In the second set of simulations, we change the cache of the node to 10 M, 20 M, 50 M, 80 M, and 120 Mbits, and determine the delivery ratio of the three algorithms, as shown in Figure 8. A larger cache capacity of a node can improve the delivery ratio of epidemic and FABP significantly. However, if the cache of a node is over 80 M, then the delivery ratio growth of epidemic will tend to be slow. In epidemic, a large number of redundant packets will be created, and packet loss will occur when the space to cache packets is insufficient. The situation may be changed when the cache becomes larger, but this effort will not always be effective. Considering that the queuing latency time will become longer with increasing cache, the growth of the delivery ratio may be stopped because packet loss reappears. For FABP, considering the requirement to diffuse the pheromone to nearby nodes in the processes of constructing and maintaining the community, an additional cache is taken. Hence, its packet loss rate is higher than bubble when the node's cache is less than 40 Mbit. However, this phenomenon will change as the cache becomes larger, and have a delivery ratio of 5% higher than bubble, because of the strategy that the furthest node delivery is outside the community and the best path is inside community.

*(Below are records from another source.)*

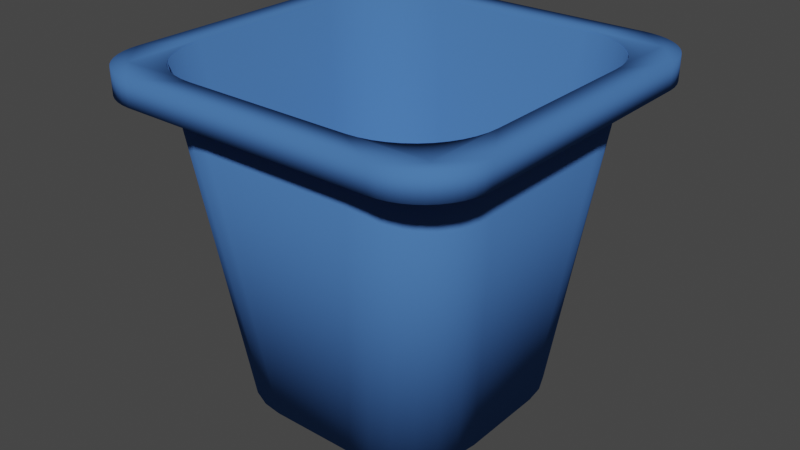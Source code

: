 # Source: TrashBin.blend  (saved by Blender 3.5.10; exported with 4.5.12 LTS)
import bpy
from mathutils import Matrix  # noqa: F401  (used for matrix-valued properties, if any)

bpy.ops.wm.read_factory_settings(use_empty=True)
scene = bpy.context.scene
scene.name = 'Scene'

# ---- collections
col_collection = bpy.data.collections.new('Collection'); scene.collection.children.link(col_collection)

# ---- materials (node trees are filled in below, after node groups)
mat_material = bpy.data.materials.new('Material')
mat_material.alpha_threshold = 0.0
mat_material.use_transparent_shadow = False
mat_material.diffuse_color = (0.06301, 0.1683, 0.4508, 1.0)
mat_material.roughness = 0.5
mat_material.line_color = (0.0, 0.0, 0.0, 1.0)

# ---- material node trees

# ---- world
world_world = bpy.data.worlds.new('World'); scene.world = world_world
world_world.use_nodes = True; world_world.node_tree.nodes.clear()
_N = world_world.node_tree.nodes; _L = world_world.node_tree.links
n0 = _N.new('ShaderNodeOutputWorld'); n0.name = 'World Output'; n0.location = (300, 300)
n1 = _N.new('ShaderNodeBackground'); n1.name = 'Background'; n1.location = (10, 300)
n1.inputs[0].default_value = (0.05088, 0.05088, 0.05088, 1.0)
_L.new(n1.outputs[0], n0.inputs[0])
n0.is_active_output = True
world_world.color = (0.05088, 0.05088, 0.05088)
world_world.use_sun_shadow = False
world_world.sun_shadow_jitter_overblur = 0.0

# ---- meshes
me_plane = bpy.data.meshes.new('Plane')
me_plane.from_pydata([(-1.0, -0.6765, 0.0), (-0.6765, -1.0, 0.0), (-0.8513, -0.8513, 0.0), (-0.9967, -0.7225, 0.0), (-0.9869, -0.7676, 0.0), (-0.9708, -0.8109, 0.0), (-0.9486, -0.8514, 0.0), (-0.921, -0.8884, 0.0), (-0.8884, -0.921, 0.0), (-0.8514, -0.9486, 0.0), (-0.8109, -0.9708, 0.0), (-0.7676, -0.9869, 0.0), (-0.7225, -0.9967, 0.0), (0.6765, -1.0, 0.0), (1.0, -0.6765, 0.0), (0.8513, -0.8513, 0.0), (0.7225, -0.9967, 0.0), (0.7676, -0.9869, 0.0), (0.8109, -0.9708, 0.0), (0.8514, -0.9486, 0.0), (0.8884, -0.921, 0.0), (0.921, -0.8884, 0.0), (0.9486, -0.8514, 0.0), (0.9708, -0.8109, 0.0), (0.9869, -0.7676, 0.0), (0.9967, -0.7225, 0.0), (-0.6765, 1.0, 0.0), (-1.0, 0.6765, 0.0), (-0.8513, 0.8513, 0.0), (-0.7225, 0.9967, 0.0), (-0.7676, 0.9869, 0.0), (-0.8109, 0.9708, 0.0), (-0.8514, 0.9486, 0.0), (-0.8884, 0.921, 0.0), (-0.921, 0.8884, 0.0), (-0.9486, 0.8514, 0.0), (-0.9708, 0.8109, 0.0), (-0.9869, 0.7676, 0.0), (-0.9967, 0.7225, 0.0), (1.0, 0.6765, 0.0), (0.6765, 1.0, 0.0), (0.8513, 0.8513, 0.0), (0.9967, 0.7225, 0.0), (0.9869, 0.7676, 0.0), (0.9708, 0.8109, 0.0), (0.9486, 0.8514, 0.0), (0.921, 0.8884, 0.0), (0.8884, 0.921, 0.0), (0.8514, 0.9486, 0.0), (0.8109, 0.9708, 0.0), (0.7676, 0.9869, 0.0), (0.7225, 0.9967, 0.0), (-0.6765, -1.0, -0.1311), (-1.0, -0.6765, -0.1311), (-0.7225, -0.9967, -0.1311), (-0.7676, -0.9869, -0.1311), (-0.8109, -0.9708, -0.1311), (-0.8514, -0.9486, -0.1311), (-0.8884, -0.921, -0.1311), (-0.921, -0.8884, -0.1311), (-0.9486, -0.8514, -0.1311), (-0.9708, -0.8109, -0.1311), (-0.9869, -0.7676, -0.1311), (-0.9967, -0.7225, -0.1311), (1.0, -0.6765, -0.1311), (0.6765, -1.0, -0.1311), (0.9967, -0.7225, -0.1311), (0.9869, -0.7676, -0.1311), (0.9708, -0.8109, -0.1311), (0.9486, -0.8514, -0.1311), (0.921, -0.8884, -0.1311), (0.8884, -0.921, -0.1311), (0.8514, -0.9486, -0.1311), (0.8109, -0.9708, -0.1311), (0.7676, -0.9869, -0.1311), (0.7225, -0.9967, -0.1311), (-1.0, 0.6765, -0.1311), (-0.6765, 1.0, -0.1311), (-0.9967, 0.7225, -0.1311), (-0.9869, 0.7676, -0.1311), (-0.9708, 0.8109, -0.1311), (-0.9486, 0.8514, -0.1311), (-0.921, 0.8884, -0.1311), (-0.8884, 0.921, -0.1311), (-0.8514, 0.9486, -0.1311), (-0.8109, 0.9708, -0.1311), (-0.7676, 0.9869, -0.1311), (-0.7225, 0.9967, -0.1311), (0.6765, 1.0, -0.1311), (1.0, 0.6765, -0.1311), (0.7225, 0.9967, -0.1311), (0.7676, 0.9869, -0.1311), (0.8109, 0.9708, -0.1311), (0.8514, 0.9486, -0.1311), (0.8884, 0.921, -0.1311), (0.921, 0.8884, -0.1311), (0.9486, 0.8514, -0.1311), (0.9708, 0.8109, -0.1311), (0.9869, 0.7676, -0.1311), (0.9967, 0.7225, -0.1311), (-0.8513, 0.4405, 0.0), (-0.4405, 0.8513, 0.0), (-0.8513, 0.8513, 0.0), (-0.8471, 0.499, 0.0), (-0.8347, 0.5562, 0.0), (-0.8142, 0.6111, 0.0), (-0.7861, 0.6626, 0.0), (-0.751, 0.7095, 0.0), (-0.7095, 0.751, 0.0), (-0.6626, 0.7861, 0.0), (-0.6111, 0.8142, 0.0), (-0.5562, 0.8347, 0.0), (-0.499, 0.8471, 0.0), (-0.4405, -0.8513, 0.0), (-0.8513, -0.4405, 0.0), (-0.8513, -0.8513, 0.0), (-0.499, -0.8471, 0.0), (-0.5562, -0.8347, 0.0), (-0.6111, -0.8142, 0.0), (-0.6626, -0.7861, 0.0), (-0.7095, -0.751, 0.0), (-0.751, -0.7095, 0.0), (-0.7861, -0.6626, 0.0), (-0.8142, -0.6111, 0.0), (-0.8347, -0.5562, 0.0), (-0.8471, -0.499, 0.0), (0.8513, -0.4405, 0.0), (0.4405, -0.8513, 0.0), (0.8513, -0.8513, 0.0), (0.8471, -0.499, 0.0), (0.8347, -0.5562, 0.0), (0.8142, -0.6111, 0.0), (0.7861, -0.6626, 0.0), (0.751, -0.7095, 0.0), (0.7095, -0.751, 0.0), (0.6626, -0.7861, 0.0), (0.6111, -0.8142, 0.0), (0.5562, -0.8347, 0.0), (0.499, -0.8471, 0.0), (0.4405, 0.8513, 0.0), (0.8513, 0.4405, 0.0), (0.8513, 0.8513, 0.0), (0.499, 0.8471, 0.0), (0.5562, 0.8347, 0.0), (0.6111, 0.8142, 0.0), (0.6626, 0.7861, 0.0), (0.7095, 0.751, 0.0), (0.751, 0.7095, 0.0), (0.7861, 0.6626, 0.0), (0.8142, 0.6111, 0.0), (0.8347, 0.5562, 0.0), (0.8471, 0.499, 0.0), (-0.4405, 0.8513, -0.1311), (-0.8513, 0.4405, -0.1311), (-0.499, 0.8471, -0.1311), (-0.5562, 0.8347, -0.1311), (-0.6111, 0.8142, -0.1311), (-0.6626, 0.7861, -0.1311), (-0.7095, 0.751, -0.1311), (-0.751, 0.7095, -0.1311), (-0.7861, 0.6626, -0.1311), (-0.8142, 0.6111, -0.1311), (-0.8347, 0.5562, -0.1311), (-0.8471, 0.499, -0.1311), (-0.8513, -0.4405, -0.1311), (-0.4405, -0.8513, -0.1311), (-0.8471, -0.499, -0.1311), (-0.8347, -0.5562, -0.1311), (-0.8142, -0.6111, -0.1311), (-0.7861, -0.6626, -0.1311), (-0.751, -0.7095, -0.1311), (-0.7095, -0.751, -0.1311), (-0.6626, -0.7861, -0.1311), (-0.6111, -0.8142, -0.1311), (-0.5562, -0.8347, -0.1311), (-0.499, -0.8471, -0.1311), (0.4405, -0.8513, -0.1311), (0.8513, -0.4405, -0.1311), (0.499, -0.8471, -0.1311), (0.5562, -0.8347, -0.1311), (0.6111, -0.8142, -0.1311), (0.6626, -0.7861, -0.1311), (0.7095, -0.751, -0.1311), (0.751, -0.7095, -0.1311), (0.7861, -0.6626, -0.1311), (0.8142, -0.6111, -0.1311), (0.8347, -0.5562, -0.1311), (0.8471, -0.499, -0.1311), (0.8513, 0.4405, -0.1311), (0.4405, 0.8513, -0.1311), (0.8471, 0.499, -0.1311), (0.8347, 0.5562, -0.1311), (0.8142, 0.6111, -0.1311), (0.7861, 0.6626, -0.1311), (0.751, 0.7095, -0.1311), (0.7095, 0.751, -0.1311), (0.6626, 0.7861, -0.1311), (0.6111, 0.8142, -0.1311), (0.5562, 0.8347, -0.1311), (0.499, 0.8471, -0.1311), (-0.9929, -0.6763, -0.006992), (-0.6763, -0.9929, -0.006992), (-0.8513, -0.8513, -0.01), (-0.9896, -0.7215, -0.006914), (-0.98, -0.7656, -0.006914), (-0.9642, -0.8079, -0.006914), (-0.9426, -0.8475, -0.006914), (-0.9155, -0.8836, -0.006914), (-0.8836, -0.9155, -0.006914), (-0.8475, -0.9426, -0.006914), (-0.8079, -0.9642, -0.006914), (-0.7656, -0.98, -0.006914), (-0.7215, -0.9896, -0.006914), (0.6763, -0.9929, -0.006992), (0.9929, -0.6763, -0.006992), (0.8513, -0.8513, -0.01), (0.7215, -0.9896, -0.006914), (0.7656, -0.98, -0.006914), (0.8079, -0.9642, -0.006914), (0.8475, -0.9426, -0.006914), (0.8836, -0.9155, -0.006914), (0.9155, -0.8836, -0.006914), (0.9426, -0.8475, -0.006914), (0.9642, -0.8079, -0.006914), (0.98, -0.7656, -0.006914), (0.9896, -0.7215, -0.006914), (-0.6763, 0.9929, -0.006992), (-0.9929, 0.6763, -0.006992), (-0.8513, 0.8513, -0.01), (-0.7215, 0.9896, -0.006914), (-0.7656, 0.98, -0.006914), (-0.8079, 0.9642, -0.006914), (-0.8475, 0.9426, -0.006914), (-0.8836, 0.9155, -0.006914), (-0.9155, 0.8836, -0.006914), (-0.9426, 0.8475, -0.006914), (-0.9642, 0.8079, -0.006914), (-0.98, 0.7656, -0.006914), (-0.9896, 0.7215, -0.006914), (0.9929, 0.6763, -0.006992), (0.6763, 0.9929, -0.006992), (0.8513, 0.8513, -0.01), (0.9896, 0.7215, -0.006914), (0.98, 0.7656, -0.006914), (0.9642, 0.8079, -0.006914), (0.9426, 0.8475, -0.006914), (0.9155, 0.8836, -0.006914), (0.8836, 0.9155, -0.006914), (0.8475, 0.9426, -0.006914), (0.8079, 0.9642, -0.006914), (0.7656, 0.98, -0.006914), (0.7215, 0.9896, -0.006914), (-0.6762, -0.99, -0.1311), (-0.99, -0.6762, -0.1311), (-0.7211, -0.9868, -0.1311), (-0.7648, -0.9773, -0.1311), (-0.8067, -0.9617, -0.1311), (-0.846, -0.9402, -0.1311), (-0.8818, -0.9134, -0.1311), (-0.9134, -0.8818, -0.1311), (-0.9402, -0.846, -0.1311), (-0.9617, -0.8067, -0.1311), (-0.9773, -0.7648, -0.1311), (-0.9868, -0.7211, -0.1311), (0.99, -0.6762, -0.1311), (0.6762, -0.99, -0.1311), (0.9868, -0.7211, -0.1311), (0.9773, -0.7648, -0.1311), (0.9617, -0.8067, -0.1311), (0.9402, -0.846, -0.1311), (0.9134, -0.8818, -0.1311), (0.8818, -0.9134, -0.1311), (0.846, -0.9402, -0.1311), (0.8067, -0.9617, -0.1311), (0.7648, -0.9773, -0.1311), (0.7211, -0.9868, -0.1311), (-0.99, 0.6762, -0.1311), (-0.6762, 0.99, -0.1311), (-0.9868, 0.7211, -0.1311), (-0.9773, 0.7648, -0.1311), (-0.9617, 0.8067, -0.1311), (-0.9402, 0.846, -0.1311), (-0.9134, 0.8818, -0.1311), (-0.8818, 0.9134, -0.1311), (-0.846, 0.9402, -0.1311), (-0.8067, 0.9617, -0.1311), (-0.7648, 0.9773, -0.1311), (-0.7211, 0.9868, -0.1311), (0.6762, 0.99, -0.1311), (0.99, 0.6762, -0.1311), (0.7211, 0.9868, -0.1311), (0.7648, 0.9773, -0.1311), (0.8067, 0.9617, -0.1311), (0.846, 0.9402, -0.1311), (0.8818, 0.9134, -0.1311), (0.9134, 0.8818, -0.1311), (0.9402, 0.846, -0.1311), (0.9617, 0.8067, -0.1311), (0.9773, 0.7648, -0.1311), (0.9868, 0.7211, -0.1311), (-0.8583, 0.4407, -0.007152), (-0.4407, 0.8583, -0.007152), (-0.8513, 0.8513, -0.01), (-0.854, 0.4999, -0.007235), (-0.8413, 0.5582, -0.007235), (-0.8205, 0.614, -0.007235), (-0.7919, 0.6663, -0.007235), (-0.7562, 0.714, -0.007235), (-0.714, 0.7562, -0.007235), (-0.6663, 0.7919, -0.007235), (-0.614, 0.8205, -0.007235), (-0.5582, 0.8413, -0.007235), (-0.4999, 0.854, -0.007235), (-0.4407, -0.8583, -0.007152), (-0.8583, -0.4407, -0.007152), (-0.8513, -0.8513, -0.01), (-0.4999, -0.854, -0.007235), (-0.5582, -0.8413, -0.007235), (-0.614, -0.8205, -0.007235), (-0.6663, -0.7919, -0.007235), (-0.714, -0.7562, -0.007235), (-0.7562, -0.714, -0.007235), (-0.7919, -0.6663, -0.007235), (-0.8205, -0.614, -0.007235), (-0.8413, -0.5582, -0.007235), (-0.854, -0.4999, -0.007235), (0.8583, -0.4407, -0.007152), (0.4407, -0.8583, -0.007152), (0.8513, -0.8513, -0.01), (0.854, -0.4999, -0.007235), (0.8413, -0.5582, -0.007235), (0.8205, -0.614, -0.007235), (0.7919, -0.6663, -0.007235), (0.7562, -0.714, -0.007235), (0.714, -0.7562, -0.007235), (0.6663, -0.7919, -0.007235), (0.614, -0.8205, -0.007235), (0.5582, -0.8413, -0.007235), (0.4999, -0.854, -0.007235), (0.4407, 0.8583, -0.007152), (0.8583, 0.4407, -0.007152), (0.8513, 0.8513, -0.01), (0.4999, 0.854, -0.007235), (0.5582, 0.8413, -0.007235), (0.614, 0.8205, -0.007235), (0.6663, 0.7919, -0.007235), (0.714, 0.7562, -0.007235), (0.7562, 0.714, -0.007235), (0.7919, 0.6663, -0.007235), (0.8205, 0.614, -0.007235), (0.8413, 0.5582, -0.007235), (0.854, 0.4999, -0.007235), (-0.4408, 0.8613, -0.1311), (-0.8613, 0.4408, -0.1311), (-0.5004, 0.857, -0.1311), (-0.559, 0.8443, -0.1311), (-0.6153, 0.8233, -0.1311), (-0.668, 0.7945, -0.1311), (-0.7161, 0.7585, -0.1311), (-0.7585, 0.7161, -0.1311), (-0.7945, 0.668, -0.1311), (-0.8233, 0.6153, -0.1311), (-0.8443, 0.559, -0.1311), (-0.857, 0.5004, -0.1311), (-0.8613, -0.4408, -0.1311), (-0.4408, -0.8613, -0.1311), (-0.857, -0.5004, -0.1311), (-0.8443, -0.559, -0.1311), (-0.8233, -0.6153, -0.1311), (-0.7945, -0.668, -0.1311), (-0.7585, -0.7161, -0.1311), (-0.7161, -0.7585, -0.1311), (-0.668, -0.7945, -0.1311), (-0.6153, -0.8233, -0.1311), (-0.559, -0.8443, -0.1311), (-0.5004, -0.857, -0.1311), (0.4408, -0.8613, -0.1311), (0.8613, -0.4408, -0.1311), (0.5004, -0.857, -0.1311), (0.559, -0.8443, -0.1311), (0.6153, -0.8233, -0.1311), (0.668, -0.7945, -0.1311), (0.7161, -0.7585, -0.1311), (0.7585, -0.7161, -0.1311), (0.7945, -0.668, -0.1311), (0.8233, -0.6153, -0.1311), (0.8443, -0.559, -0.1311), (0.857, -0.5004, -0.1311), (0.8613, 0.4408, -0.1311), (0.4408, 0.8613, -0.1311), (0.857, 0.5004, -0.1311), (0.8443, 0.559, -0.1311), (0.8233, 0.6153, -0.1311), (0.7945, 0.668, -0.1311), (0.7585, 0.7161, -0.1311), (0.7161, 0.7585, -0.1311), (0.668, 0.7945, -0.1311), (0.6153, 0.8233, -0.1311), (0.559, 0.8443, -0.1311), (0.5004, 0.857, -0.1311)], [], [(13, 1, 52, 65), (128, 127, 113, 115, 2, 1, 13, 15), (26, 40, 88, 77), (102, 101, 139, 141, 41, 40, 26, 28), (139, 101, 152, 189), (39, 14, 64, 89), (115, 114, 100, 102, 28, 27, 0, 2), (141, 140, 126, 128, 15, 14, 39, 41), (126, 140, 188, 177), (113, 127, 176, 165), (0, 3, 2), (3, 4, 2), (4, 5, 2), (5, 6, 2), (6, 7, 2), (7, 8, 2), (8, 9, 2), (9, 10, 2), (10, 11, 2), (11, 12, 2), (12, 1, 2), (13, 16, 15), (16, 17, 15), (17, 18, 15), (18, 19, 15), (19, 20, 15), (20, 21, 15), (21, 22, 15), (22, 23, 15), (23, 24, 15), (24, 25, 15), (25, 14, 15), (26, 29, 28), (29, 30, 28), (30, 31, 28), (31, 32, 28), (32, 33, 28), (33, 34, 28), (34, 35, 28), (35, 36, 28), (36, 37, 28), (37, 38, 28), (38, 27, 28), (39, 42, 41), (42, 43, 41), (43, 44, 41), (44, 45, 41), (45, 46, 41), (46, 47, 41), (47, 48, 41), (48, 49, 41), (49, 50, 41), (50, 51, 41), (51, 40, 41), (76, 27, 38, 78), (78, 38, 37, 79), (79, 37, 36, 80), (80, 36, 35, 81), (81, 35, 34, 82), (82, 34, 33, 83), (83, 33, 32, 84), (84, 32, 31, 85), (85, 31, 30, 86), (86, 30, 29, 87), (87, 29, 26, 77), (39, 89, 99, 42), (42, 99, 98, 43), (43, 98, 97, 44), (44, 97, 96, 45), (45, 96, 95, 46), (46, 95, 94, 47), (47, 94, 93, 48), (48, 93, 92, 49), (49, 92, 91, 50), (50, 91, 90, 51), (51, 90, 88, 40), (64, 14, 25, 66), (66, 25, 24, 67), (67, 24, 23, 68), (68, 23, 22, 69), (69, 22, 21, 70), (70, 21, 20, 71), (71, 20, 19, 72), (72, 19, 18, 73), (73, 18, 17, 74), (74, 17, 16, 75), (75, 16, 13, 65), (0, 53, 63, 3), (3, 63, 62, 4), (4, 62, 61, 5), (5, 61, 60, 6), (6, 60, 59, 7), (7, 59, 58, 8), (8, 58, 57, 9), (9, 57, 56, 10), (10, 56, 55, 11), (11, 55, 54, 12), (12, 54, 52, 1), (0, 27, 76, 53), (100, 103, 102), (103, 104, 102), (104, 105, 102), (105, 106, 102), (106, 107, 102), (107, 108, 102), (108, 109, 102), (109, 110, 102), (110, 111, 102), (111, 112, 102), (112, 101, 102), (113, 116, 115), (116, 117, 115), (117, 118, 115), (118, 119, 115), (119, 120, 115), (120, 121, 115), (121, 122, 115), (122, 123, 115), (123, 124, 115), (124, 125, 115), (125, 114, 115), (126, 129, 128), (129, 130, 128), (130, 131, 128), (131, 132, 128), (132, 133, 128), (133, 134, 128), (134, 135, 128), (135, 136, 128), (136, 137, 128), (137, 138, 128), (138, 127, 128), (139, 142, 141), (142, 143, 141), (143, 144, 141), (144, 145, 141), (145, 146, 141), (146, 147, 141), (147, 148, 141), (148, 149, 141), (149, 150, 141), (150, 151, 141), (151, 140, 141), (176, 127, 138, 178), (178, 138, 137, 179), (179, 137, 136, 180), (180, 136, 135, 181), (181, 135, 134, 182), (182, 134, 133, 183), (183, 133, 132, 184), (184, 132, 131, 185), (185, 131, 130, 186), (186, 130, 129, 187), (187, 129, 126, 177), (139, 189, 199, 142), (142, 199, 198, 143), (143, 198, 197, 144), (144, 197, 196, 145), (145, 196, 195, 146), (146, 195, 194, 147), (147, 194, 193, 148), (148, 193, 192, 149), (149, 192, 191, 150), (150, 191, 190, 151), (151, 190, 188, 140), (152, 101, 112, 154), (154, 112, 111, 155), (155, 111, 110, 156), (156, 110, 109, 157), (157, 109, 108, 158), (158, 108, 107, 159), (159, 107, 106, 160), (160, 106, 105, 161), (161, 105, 104, 162), (162, 104, 103, 163), (163, 103, 100, 153), (113, 165, 175, 116), (116, 175, 174, 117), (117, 174, 173, 118), (118, 173, 172, 119), (119, 172, 171, 120), (120, 171, 170, 121), (121, 170, 169, 122), (122, 169, 168, 123), (123, 168, 167, 124), (124, 167, 166, 125), (125, 166, 164, 114), (100, 114, 164, 153), (213, 265, 252, 201), (328, 215, 213, 201, 202, 315, 313, 327), (226, 277, 288, 240), (302, 228, 226, 240, 241, 341, 339, 301), (339, 389, 352, 301), (239, 289, 264, 214), (315, 202, 200, 227, 228, 302, 300, 314), (341, 241, 239, 214, 215, 328, 326, 340), (326, 377, 388, 340), (313, 365, 376, 327), (200, 202, 203), (203, 202, 204), (204, 202, 205), (205, 202, 206), (206, 202, 207), (207, 202, 208), (208, 202, 209), (209, 202, 210), (210, 202, 211), (211, 202, 212), (212, 202, 201), (213, 215, 216), (216, 215, 217), (217, 215, 218), (218, 215, 219), (219, 215, 220), (220, 215, 221), (221, 215, 222), (222, 215, 223), (223, 215, 224), (224, 215, 225), (225, 215, 214), (226, 228, 229), (229, 228, 230), (230, 228, 231), (231, 228, 232), (232, 228, 233), (233, 228, 234), (234, 228, 235), (235, 228, 236), (236, 228, 237), (237, 228, 238), (238, 228, 227), (239, 241, 242), (242, 241, 243), (243, 241, 244), (244, 241, 245), (245, 241, 246), (246, 241, 247), (247, 241, 248), (248, 241, 249), (249, 241, 250), (250, 241, 251), (251, 241, 240), (276, 278, 238, 227), (278, 279, 237, 238), (279, 280, 236, 237), (280, 281, 235, 236), (281, 282, 234, 235), (282, 283, 233, 234), (283, 284, 232, 233), (284, 285, 231, 232), (285, 286, 230, 231), (286, 287, 229, 230), (287, 277, 226, 229), (239, 242, 299, 289), (242, 243, 298, 299), (243, 244, 297, 298), (244, 245, 296, 297), (245, 246, 295, 296), (246, 247, 294, 295), (247, 248, 293, 294), (248, 249, 292, 293), (249, 250, 291, 292), (250, 251, 290, 291), (251, 240, 288, 290), (264, 266, 225, 214), (266, 267, 224, 225), (267, 268, 223, 224), (268, 269, 222, 223), (269, 270, 221, 222), (270, 271, 220, 221), (271, 272, 219, 220), (272, 273, 218, 219), (273, 274, 217, 218), (274, 275, 216, 217), (275, 265, 213, 216), (200, 203, 263, 253), (203, 204, 262, 263), (204, 205, 261, 262), (205, 206, 260, 261), (206, 207, 259, 260), (207, 208, 258, 259), (208, 209, 257, 258), (209, 210, 256, 257), (210, 211, 255, 256), (211, 212, 254, 255), (212, 201, 252, 254), (200, 253, 276, 227), (300, 302, 303), (303, 302, 304), (304, 302, 305), (305, 302, 306), (306, 302, 307), (307, 302, 308), (308, 302, 309), (309, 302, 310), (310, 302, 311), (311, 302, 312), (312, 302, 301), (313, 315, 316), (316, 315, 317), (317, 315, 318), (318, 315, 319), (319, 315, 320), (320, 315, 321), (321, 315, 322), (322, 315, 323), (323, 315, 324), (324, 315, 325), (325, 315, 314), (326, 328, 329), (329, 328, 330), (330, 328, 331), (331, 328, 332), (332, 328, 333), (333, 328, 334), (334, 328, 335), (335, 328, 336), (336, 328, 337), (337, 328, 338), (338, 328, 327), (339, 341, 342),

In the third set of simulations, we analyze the average latency time of the three algorithms under various node caches. The results are shown in Figure 9. The simulation results indicate that when the length of the queue becomes longer, the queuing latency time will increase. Given that the copy of the packet is restricted in bubble and FABP, the length of the packet queue will be shorter than epidemic. Thus, the increase in delivery time tends to slow down. By taking advantage of the relatively stable community structure in the MIT Reality dataset, the community based on the pheromone can be constructed rapidly. Packets will then be forwarded to the core node through the best path and, at the average packet forwarding times, FABP has two hops less than bubble inside the community, and three hops outside the community. The latency time in FABP will be reduced 13% than that in bubble.

In the fourth set of simulations, the overhead ratio of FABP is 10% higher than that of bubble, as presented in Figure 10. The key reason for this result is that the community based on the pheromone is required to forward additional packets to maintain and update during the running of the algorithm. The highest overhead ratio appears in the epidemic algorithm because of the used contagion mode for packet forwarding.

6. Conclusions

In this study, we propose a new initiative community structure based on the core node pheromone-computing model. We also design an efficient packet-forwarding algorithm based on the core node pheromone. The core node pheromone is computed and spread periodically by the nodes in the communication radius of the core nodes. The core node pheromone received by a node can be the betweenness centrality of the current node in the community and does not require the topology of other nodes in the community. The experimental results show that the proposed packet-forwarding algorithm based on the pheromone of the core node has a low forwarding delay and a high delivery ratio when the community structure is relatively stable. The simulation results also show that the overhead ratio of FABP is higher than that of bubble. Packet-forwarding efficiency will be decreased with an increase in node mobility. Therefore, reducing the overhead ratio and adopting the algorithm to high-mobility nodes are included in our future works.